EXERCISE AIM :: The expected result is the segment of the entries that begins with the line containing "normal blind 15.3" and ends with the last line, copied verbatim.
-*-
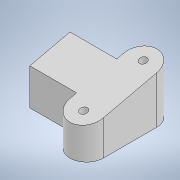
# Autodesk Inventor part: Проставка для двигателя
Saved by Autodesk Inventor 2020 (Build 240168000, 168)
## iProperties
Created: 2021-06-02
Part Number: Проставка для двигателя
Material: Типовые
Document SubType Name: Modeling
Designer: Антон
Density: 1 g/cm^3
Appearance: По умолчанию
Author: Антон
Autodesk Inventor part; units mm, degrees
ref_plane "YZ Plane" through (0, 0, 0) normal (1, 0, 0) x (0, 1, 0)
ref_plane "XZ Plane" through (0, 0, 0) normal (0, 1, 0) x (-1, 0, 0)
ref_plane "XY Plane" through (0, 0, 0) normal (0, 0, 1) x (1, 0, 0)
sketch "Эскиз1" plane through (0, 0, 0) normal (0, 1, 0) x (-1, 0, 0)
  line L0 (0, 0) -> (0, -16) construction
  line L1 (-5, 0) -> (-5, -16)
  line L2 (5, -16) -> (5, 0)
  arc A0 (5, 0) -> (-5, 0) centre (0, 0) ccw
  arc A1 (-5, -16) -> (5, -16) centre (0, -16) ccw
  line L3 (5, -14) -> (19, -14)
  line L4 (19, -14) -> (19, -2)
  line L5 (19, -2) -> (5, -2)
  line L6 (5, -2) -> (5, -14)
  circle A2 centre (0, -16.9) radius 1.1
  circle A3 centre (0, 0.9) radius 1.1
  line L7 (0, -16.9) -> (0, 0.9)
  point P0 (0, -8)
  point P1 (5, -8)
  point P2 (5, -2)
  point P3 (5, -14)
  point P4 (0, -8)
  dimension "d0" = 16
  dimension "d1" = 5
  dimension "d3" = 24
  dimension "d4" = 12
  dimension "d8" = 17.8
  dimension "d9" = 2.2
  constraints: 18 end point, 4 centre point, 4 midpoint, 4 point on circle, 4 tangent, 3 coincident, 3 parallel, 1 collinear, 1 equal radius, 1 horizontal, 1 perpendicular, 1 vertical
  measures "d0" distance of L0.start L0.end
  measures "d1" radius of A1
  measures "d3" distance between parallel lines of L1 L4
  measures "d4" distance of L3.end L4.end
  measures "d8" distance of L7.start L7.end
  measures "d9" diameter of A2
extrude "Выдавливание1" add sketch "Эскиз1" along normal blind 15.3
sketch "Эскиз2" plane through (5, 0, 0) normal (1, 0, 0) x (0, 0, -1)
  line L0 (21, 15.3) -> (16, 15.3) projected
  line L1 (21, 15.3) -> (-5, 9.3)
  line L2 (-5, 0) -> (-5, 15.3) projected
  line L3 (-5, 9.3) -> (20.5284, 9.3)
  line L4 (20.5284, 9.3) -> (21, 9.3)
  line L5 (21, 15.3) -> (21, 9.3)
  line L6 (21, 0) -> (21, 15.3) projected
  line L7 (0, 15.3) -> (16, 15.3) projected
  line L8 (0, 15.3) -> (-5, 15.3) projected
  point P0 (0, 0)
  dimension "d10" = 6
  constraints: 8 end point, 2 point on line, 1 collinear, 1 horizontal
  measures "d10" distance of L0.start L4.end
extrude "Выдавливание2" cut sketch "Эскиз2" against normal through all contours L1 L2 L8 L7 L0
-*-
ANSWER TO THIS PROBLEM ::
extrude "Выдавливание1" add sketch "Эскиз1" along normal blind 15.3
sketch "Эскиз2" plane through (5, 0, 0) normal (1, 0, 0) x (0, 0, -1)
  line L0 (21, 15.3) -> (16, 15.3) projected
  line L1 (21, 15.3) -> (-5, 9.3)
  line L2 (-5, 0) -> (-5, 15.3) projected
  line L3 (-5, 9.3) -> (20.5284, 9.3)
  line L4 (20.5284, 9.3) -> (21, 9.3)
  line L5 (21, 15.3) -> (21, 9.3)
  line L6 (21, 0) -> (21, 15.3) projected
  line L7 (0, 15.3) -> (16, 15.3) projected
  line L8 (0, 15.3) -> (-5, 15.3) projected
  point P0 (0, 0)
  dimension "d10" = 6
  constraints: 8 end point, 2 point on line, 1 collinear, 1 horizontal
  measures "d10" distance of L0.start L4.end
extrude "Выдавливание2" cut sketch "Эскиз2" against normal through all contours L1 L2 L8 L7 L0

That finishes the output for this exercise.